## To do
Set down, please, exactly the lines below that run from the line with "- added U8: 3mm, Adafruit" to the line with "- moved U2 112.7", both lines included.

## Data items
-=-=-=-=-

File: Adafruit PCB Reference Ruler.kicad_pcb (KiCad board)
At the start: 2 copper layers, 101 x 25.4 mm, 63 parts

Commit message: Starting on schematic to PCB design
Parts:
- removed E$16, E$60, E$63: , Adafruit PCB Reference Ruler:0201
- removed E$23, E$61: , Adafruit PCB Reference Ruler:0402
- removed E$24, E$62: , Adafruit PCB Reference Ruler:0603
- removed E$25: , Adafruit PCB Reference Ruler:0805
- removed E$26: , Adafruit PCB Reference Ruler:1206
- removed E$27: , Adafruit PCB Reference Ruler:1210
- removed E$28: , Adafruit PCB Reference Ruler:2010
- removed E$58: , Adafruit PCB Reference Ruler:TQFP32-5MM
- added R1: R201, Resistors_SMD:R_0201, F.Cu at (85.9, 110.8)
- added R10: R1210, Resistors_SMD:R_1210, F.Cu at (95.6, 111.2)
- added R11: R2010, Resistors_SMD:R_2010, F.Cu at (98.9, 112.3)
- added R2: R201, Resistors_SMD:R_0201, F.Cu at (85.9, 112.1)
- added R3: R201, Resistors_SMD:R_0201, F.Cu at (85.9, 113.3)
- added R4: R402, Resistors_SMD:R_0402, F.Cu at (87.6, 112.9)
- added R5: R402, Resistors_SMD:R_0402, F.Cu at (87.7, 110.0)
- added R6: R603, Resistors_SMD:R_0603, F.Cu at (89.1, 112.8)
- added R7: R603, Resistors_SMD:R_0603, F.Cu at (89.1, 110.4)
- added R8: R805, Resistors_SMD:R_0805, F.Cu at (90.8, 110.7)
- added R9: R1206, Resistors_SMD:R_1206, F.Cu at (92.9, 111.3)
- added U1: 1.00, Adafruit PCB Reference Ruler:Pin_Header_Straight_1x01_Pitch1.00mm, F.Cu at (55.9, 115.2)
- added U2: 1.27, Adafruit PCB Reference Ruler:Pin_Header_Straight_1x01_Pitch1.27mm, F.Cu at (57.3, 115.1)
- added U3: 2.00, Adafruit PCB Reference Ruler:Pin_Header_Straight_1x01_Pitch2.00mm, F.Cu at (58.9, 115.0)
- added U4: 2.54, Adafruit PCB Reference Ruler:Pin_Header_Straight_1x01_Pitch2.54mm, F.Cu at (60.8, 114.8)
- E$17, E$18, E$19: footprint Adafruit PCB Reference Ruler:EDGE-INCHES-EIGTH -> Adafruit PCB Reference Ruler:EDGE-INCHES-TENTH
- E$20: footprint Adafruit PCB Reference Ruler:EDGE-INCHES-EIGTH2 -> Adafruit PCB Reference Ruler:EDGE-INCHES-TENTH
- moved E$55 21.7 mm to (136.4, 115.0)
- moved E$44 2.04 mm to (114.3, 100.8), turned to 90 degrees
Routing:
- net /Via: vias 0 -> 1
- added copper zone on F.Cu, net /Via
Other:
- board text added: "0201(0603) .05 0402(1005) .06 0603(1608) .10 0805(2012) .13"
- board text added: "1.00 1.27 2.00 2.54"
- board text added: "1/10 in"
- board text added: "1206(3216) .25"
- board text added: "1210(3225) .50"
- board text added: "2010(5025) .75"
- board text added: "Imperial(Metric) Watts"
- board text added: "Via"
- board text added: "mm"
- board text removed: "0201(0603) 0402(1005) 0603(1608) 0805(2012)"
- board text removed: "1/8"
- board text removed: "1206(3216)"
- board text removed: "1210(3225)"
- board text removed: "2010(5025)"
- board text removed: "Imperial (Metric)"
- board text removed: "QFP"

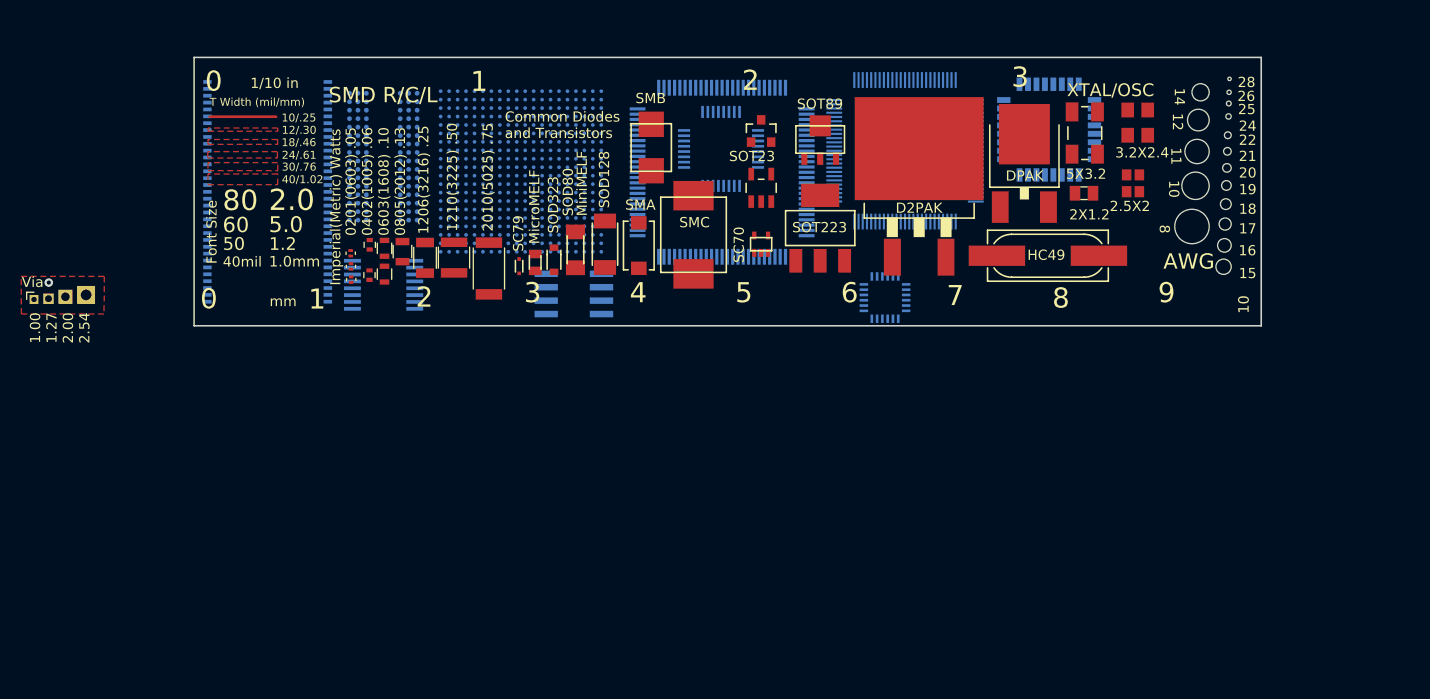
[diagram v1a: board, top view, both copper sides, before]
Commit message: Updated PCB to use KiCad standard parts (mostly)
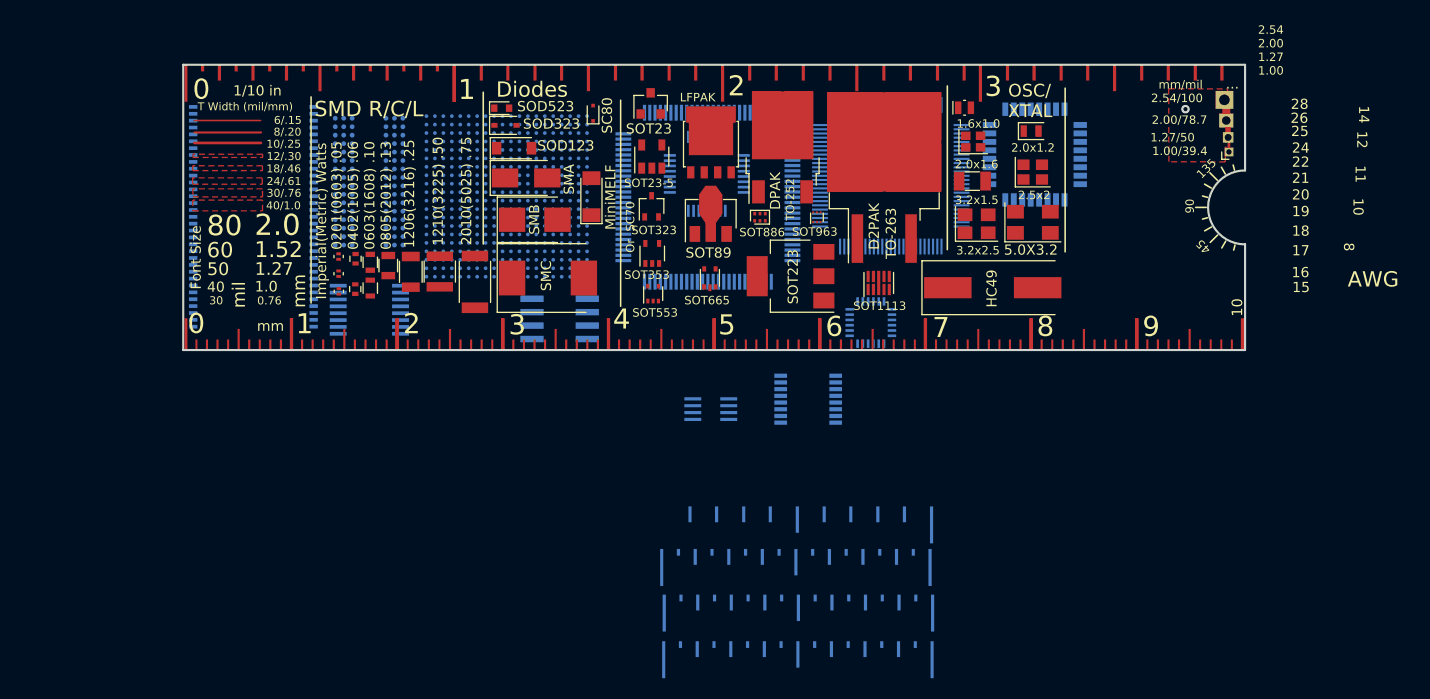
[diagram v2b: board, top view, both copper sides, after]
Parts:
- removed E$1, E$10, E$2, E$3, E$4, E$5, E$6, E$7, E$8, E$9: , Adafruit PCB Reference Ruler:EDGE-MILLIMETERS
- removed E$17, E$18, E$19, E$20: , Adafruit PCB Reference Ruler:EDGE-INCHES-TENTH
- removed E$29: , Adafruit PCB Reference Ruler:DPAK
- removed E$30: , Adafruit PCB Reference Ruler:D2PAK
- removed E$31: , Adafruit PCB Reference Ruler:SOT223
- removed E$32: , Adafruit PCB Reference Ruler:SOT89
- removed E$33: , Adafruit PCB Reference Ruler:SOT23-5
- removed E$34: , Adafruit PCB Reference Ruler:SOT23-3
- removed E$35: , Adafruit PCB Reference Ruler:SC70
- removed E$36: , Adafruit PCB Reference Ruler:CRYSTAL-SMD-5X3.2
- removed E$37: , Adafruit PCB Reference Ruler:CRYSTAL-SMD-3.2X2.5
- removed E$38: , Adafruit PCB Reference Ruler:CRYSTAL-SMD-2.5X2
- removed E$39: , Adafruit PCB Reference Ruler:HC49UP
- removed E$40: , Adafruit PCB Reference Ruler:XTAL-2X1.2
- removed E$41: , Adafruit PCB Reference Ruler:MICROMELF-R
- removed E$42: , Adafruit PCB Reference Ruler:SC79_INFINEON
- removed E$43: , Adafruit PCB Reference Ruler:SMA-DIODE
- removed E$44: , Adafruit PCB Reference Ruler:SMB-DIODE
- removed E$45: , Adafruit PCB Reference Ruler:SMC
- removed E$46: , Adafruit PCB Reference Ruler:ALL-HOLES2
- removed E$47: , Adafruit PCB Reference Ruler:SOD-128
- removed E$48: , Adafruit PCB Reference Ruler:SOD-323
- removed E$49: , Adafruit PCB Reference Ruler:SOD80C
- added D1: DSC80, Diodes_SMD:D_SC-80, F.Cu at (108.8, 97.6)
- added D2: DSOD123, Diodes_SMD:D_SOD-123, F.Cu at (101.3, 100.9)
- added D3: DSOD323, Diodes_SMD:D_SOD-323, F.Cu at (100.5, 98.7)
- added D4: DSOD523, Diodes_SMD:D_SOD-523, F.Cu at (100.1, 97.1)
- added D5: DSMA, Diodes_SMD:D_SMA, F.Cu at (102.5, 103.7)
- added D6: DSMB, Diodes_SMD:D_SMB, F.Cu at (103.3, 107.7)
- added D7: DSMC, Diodes_SMD:D_SMC, F.Cu at (104.5, 113.2)
- added D8: DminiMELF, Diodes_SMD:D_MiniMELF, F.Cu at (108.6, 105.5)
- added Q1: SOT23-3, TO_SOT_Packages_SMD:SOT-23, F.Cu at (114.2, 96.7)
- added Q10: SOT89, TO_SOT_Packages_SMD:SOT-89-3, F.Cu at (119.9, 107.5)
- added Q11: SOT886, TO_SOT_Packages_SMD:SOT-886, F.Cu at (124.6, 107.4)
- added Q12: SOT963, TO_SOT_Packages_SMD:SOT-963, F.Cu at (130.0, 107.4)
- added Q13: SSOP-16, Housings_SSOP:SSOP-16_3.9x4.9mm_Pitch0.635mm, B.Cu at (129.2, 124.7)
- added Q14: SSOP-8, Housings_SSOP:SSOP-8_2.95x2.8mm_Pitch0.65mm, B.Cu at (119.9, 125.6)
- added Q15: SOT1113, TO_SOT_Packages_SMD:SOT-1333-1, F.Cu at (135.8, 113.7)
- added Q16: SOT665, TO_SOT_Packages_SMD:SOT-665, F.Cu at (119.8, 113.2)
- added Q2: SOT23-5, TO_SOT_Packages_SMD:SOT-23-5, F.Cu at (114.3, 101.7)
- added Q3: SOT323, TO_SOT_Packages_SMD:SOT-323_SC-70, F.Cu at (114.3, 106.4)
- added Q4: SOT353, TO_SOT_Packages_SMD:SOT-353_SC-70-5, F.Cu at (114.4, 110.9)
- added Q5: SOT553, TO_SOT_Packages_SMD:SOT-553, F.Cu at (114.5, 114.7)
- added Q6: DPAK, TO_SOT_Packages_SMD:TO-252-2, F.Cu at (126.7, 100.8)
- added Q7: DP2AK, TO_SOT_Packages_SMD:TO-263-2, F.Cu at (136.3, 103.7)
- added Q8: LFPAK, TO_SOT_Packages_SMD:SOT-669_LFPAK, F.Cu at (120.0, 100.3)
- added Q9: SOT223, TO_SOT_Packages_SMD:SOT-223, F.Cu at (127.5, 113.0)
- added U10: 5mm, Adafruit PCB Reference Ruler:EDGE-MILLIMETERS, F.Cu at (120.2, 120.0)
- added U11: 6mm, Adafruit PCB Reference Ruler:EDGE-MILLIMETERS, F.Cu at (130.2, 120.0)
- added U12: 7mm, Adafruit PCB Reference Ruler:EDGE-MILLIMETERS, F.Cu at (140.2, 120.0)
- added U13: 8mm, Adafruit PCB Reference Ruler:EDGE-MILLIMETERS, F.Cu at (150.2, 120.0)
- added U14: 9mm, Adafruit PCB Reference Ruler:EDGE-MILLIMETERS, F.Cu at (160.2, 120.0)
- added U15: 3_10in, Adafruit PCB Reference Ruler:EDGE-INCHES-TENTH, B.Cu at (140.8, 134.8)
- added U16: 0_16in, Adafruit PCB Reference Ruler:EDGE-INCHES-SIXTEENTH, B.Cu at (140.7, 138.8)
- added U17: 1_16in, Adafruit PCB Reference Ruler:EDGE-INCHES-SIXTEENTH, B.Cu at (140.9, 143.1)
- added U18: 2_16in, Adafruit PCB Reference Ruler:EDGE-INCHES-SIXTEENTH, B.Cu at (140.9, 147.6)
- added U19: 3_16in, Adafruit PCB Reference Ruler:EDGE-INCHES-SIXTEENTH, F.Cu at (70.2, 93.0)
- added U20: 0_10in, Adafruit PCB Reference Ruler:EDGE-INCHES-TENTH, F.Cu at (95.7, 93.0)
- added U21: 1_10in, Adafruit PCB Reference Ruler:EDGE-INCHES-TENTH, F.Cu at (121.0, 93.0)
- added U22: 2_10in, Adafruit PCB Reference Ruler:EDGE-INCHES-TENTH, F.Cu at (145.4, 93.0)
- added U5: 0mm, Adafruit PCB Reference Ruler:EDGE-MILLIMETERS, F.Cu at (70.2, 120.0)
- added U6: 1mm, Adafruit PCB Reference Ruler:EDGE-MILLIMETERS, F.Cu at (80.2, 120.0)
- added U7: 2mm, Adafruit PCB Reference Ruler:EDGE-MILLIMETERS, F.Cu at (90.2, 120.0)
- added U8: 3mm, Adafruit PCB Reference Ruler:EDGE-MILLIMETERS, F.Cu at (100.2, 120.0)
- added U9: 4mm, Adafruit PCB Reference Ruler:EDGE-MILLIMETERS, F.Cu at (110.2, 120.0)
- added XT1: HC49, Crystals:Crystal_SMD_HC49-SD, F.Cu at (146.6, 114.1)
- added XT2: 1.6x1.0, Crystals:Crystal_SMD_MicroCrystal_CM9V-T1A-2pin_1.6x1.0mm, F.Cu at (143.9, 97.1)
- added XT3: 2.0x1.2, Crystals:Crystal_SMD_2012-2pin_2.0x1.2mm, F.Cu at (150.2, 99.3)
- added XT4: 2.0x1.6, Crystals:Crystal_SMD_2016-4pin_2.0x1.6mm, F.Cu at (144.8, 100.3)
- added XT5: 3.2x2.5, Crystals:Crystal_SMD_3225-4pin_3.2x2.5mm, F.Cu at (145.1, 108.0)
- added XT6: 5x3.2, Crystals:Crystal_SMD_5032-4pin_5.0x3.2mm, F.Cu at (150.4, 107.9)
- added XT7: 2.5x2, Crystals:Crystal_SMD_2520-4pin_2.5x2.0mm, F.Cu at (150.4, 103.2)
- added XT8: 3.2x1.5, Crystals:Crystal_SMD_3215-2pin_3.2x1.5mm, F.Cu at (144.7, 104.0)
- moved U1 114.0 mm to (169.0, 101.2), turned to 90 degrees
- moved U2 112.7 mm to (168.9, 99.9), turned to 90 degrees
- moved U3 111.1 mm to (168.7, 98.3), turned to 90 degrees
- moved U4 109.3 mm to (168.5, 96.3), turned to 90 degrees
- moved E$66 2.72 mm to (76.6, 107.4)
- moved E$69 2.72 mm to (150.6, 101.5)
- moved E$71 2.72 mm to (87.6, 104.1)
- moved E$56 2.72 mm to (87.7, 116.1)
- moved E$57 2.72 mm to (105.6, 117.1)
- moved E$65 2.72 mm to (119.7, 105.5)
- moved E$67 2.72 mm to (100.6, 105.5)
- moved E$70 2.72 mm to (119.6, 103.3)
- moved E$68 2.72 mm to (137.0, 103.5)
- moved E$55 2.72 mm to (135.1, 117.4)
- moved R7 1.89 mm to (87.7, 111.7)
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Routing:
- net (no net): track 6.30 -> 18.9 mm
- net /Via: track 0.00 -> 5.36 mm
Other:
- board size 101 x 25.4 mm -> 100.5 x 27 mm
- board text added: "..."
- board text added: "0.76"
- board text added: "1.0"
- board text added: "1.00/39.4"
- board text added: "1.27"
- board text added: "1.27/50"
- board text added: "1.52"
- board text added: "1.6x1.0"
- board text added: "135"
- board text added: "2.00/78.7"
- board text added: "2.0x1.2"
- board text added: "2.0x1.6"
- board text added: "2.54 2.00 1.27 1.00"
- board text added: "2.54/100"
- board text added: "2.5x2"
- board text added: "3.2x1.5"
- board text added: "3.2x2.5"
- board text added: "30"
- board text added: "40"
- board text added: "40/1.0"
- board text added: "45"
- board text added: "5.0X3.2"
- board text added: "6/.15"
- board text added: "8/.20"
- board text added: "90"
- board text added: "Diodes"
- board text added: "LFPAK"
- board text added: "OSC/ XTAL"
- board text added: "Or SC70"
- board text added: "SC80"
- board text added: "SOD123"
- board text added: "SOD523"
- board text added: "SOT1113"
- board text added: "SOT23-5"
- board text added: "SOT323"
- board text added: "SOT353"
- board text added: "SOT553"
- board text added: "SOT665"
- board text added: "SOT886"
- board text added: "SOT963"
- board text added: "SSOP -16"
- board text added: "SSOP-8"
- board text added: "TO-252"
- board text added: "TO-263"
- board text added: "mil"
- board text added: "mm/mil"
- board text removed: "1.00 1.27 2.00 2.54"
- board text removed: "1.0mm"
- board text removed: "1.2"
- board text removed: "2.5X2"
- board text removed: "2X1.2"
- board text removed: "3.2X2.4"
- board text removed: "40/1.02"
- board text removed: "40mil"
- board text removed: "5.0"
- board text removed: "5X3.2"
- board text removed: "Common Diodes and Transistors"
- board text removed: "MicroMELF"
- board text removed: "SC70"
- board text removed: "SC79"
- board text removed: "SOD128"
- board text removed: "SOD80"
- board text removed: "Via"
- board text removed: "XTAL/OSC"

-=-=-=-=-

## Solution for this problem
- added U8: 3mm, Adafruit PCB Reference Ruler:EDGE-MILLIMETERS, F.Cu at (100.2, 120.0)
- added U9: 4mm, Adafruit PCB Reference Ruler:EDGE-MILLIMETERS, F.Cu at (110.2, 120.0)
- added XT1: HC49, Crystals:Crystal_SMD_HC49-SD, F.Cu at (146.6, 114.1)
- added XT2: 1.6x1.0, Crystals:Crystal_SMD_MicroCrystal_CM9V-T1A-2pin_1.6x1.0mm, F.Cu at (143.9, 97.1)
- added XT3: 2.0x1.2, Crystals:Crystal_SMD_2012-2pin_2.0x1.2mm, F.Cu at (150.2, 99.3)
- added XT4: 2.0x1.6, Crystals:Crystal_SMD_2016-4pin_2.0x1.6mm, F.Cu at (144.8, 100.3)
- added XT5: 3.2x2.5, Crystals:Crystal_SMD_3225-4pin_3.2x2.5mm, F.Cu at (145.1, 108.0)
- added XT6: 5x3.2, Crystals:Crystal_SMD_5032-4pin_5.0x3.2mm, F.Cu at (150.4, 107.9)
- added XT7: 2.5x2, Crystals:Crystal_SMD_2520-4pin_2.5x2.0mm, F.Cu at (150.4, 103.2)
- added XT8: 3.2x1.5, Crystals:Crystal_SMD_3215-2pin_3.2x1.5mm, F.Cu at (144.7, 104.0)
- moved U1 114.0 mm to (169.0, 101.2), turned to 90 degrees
- moved U2 112.7 mm to (168.9, 99.9), turned to 90 degrees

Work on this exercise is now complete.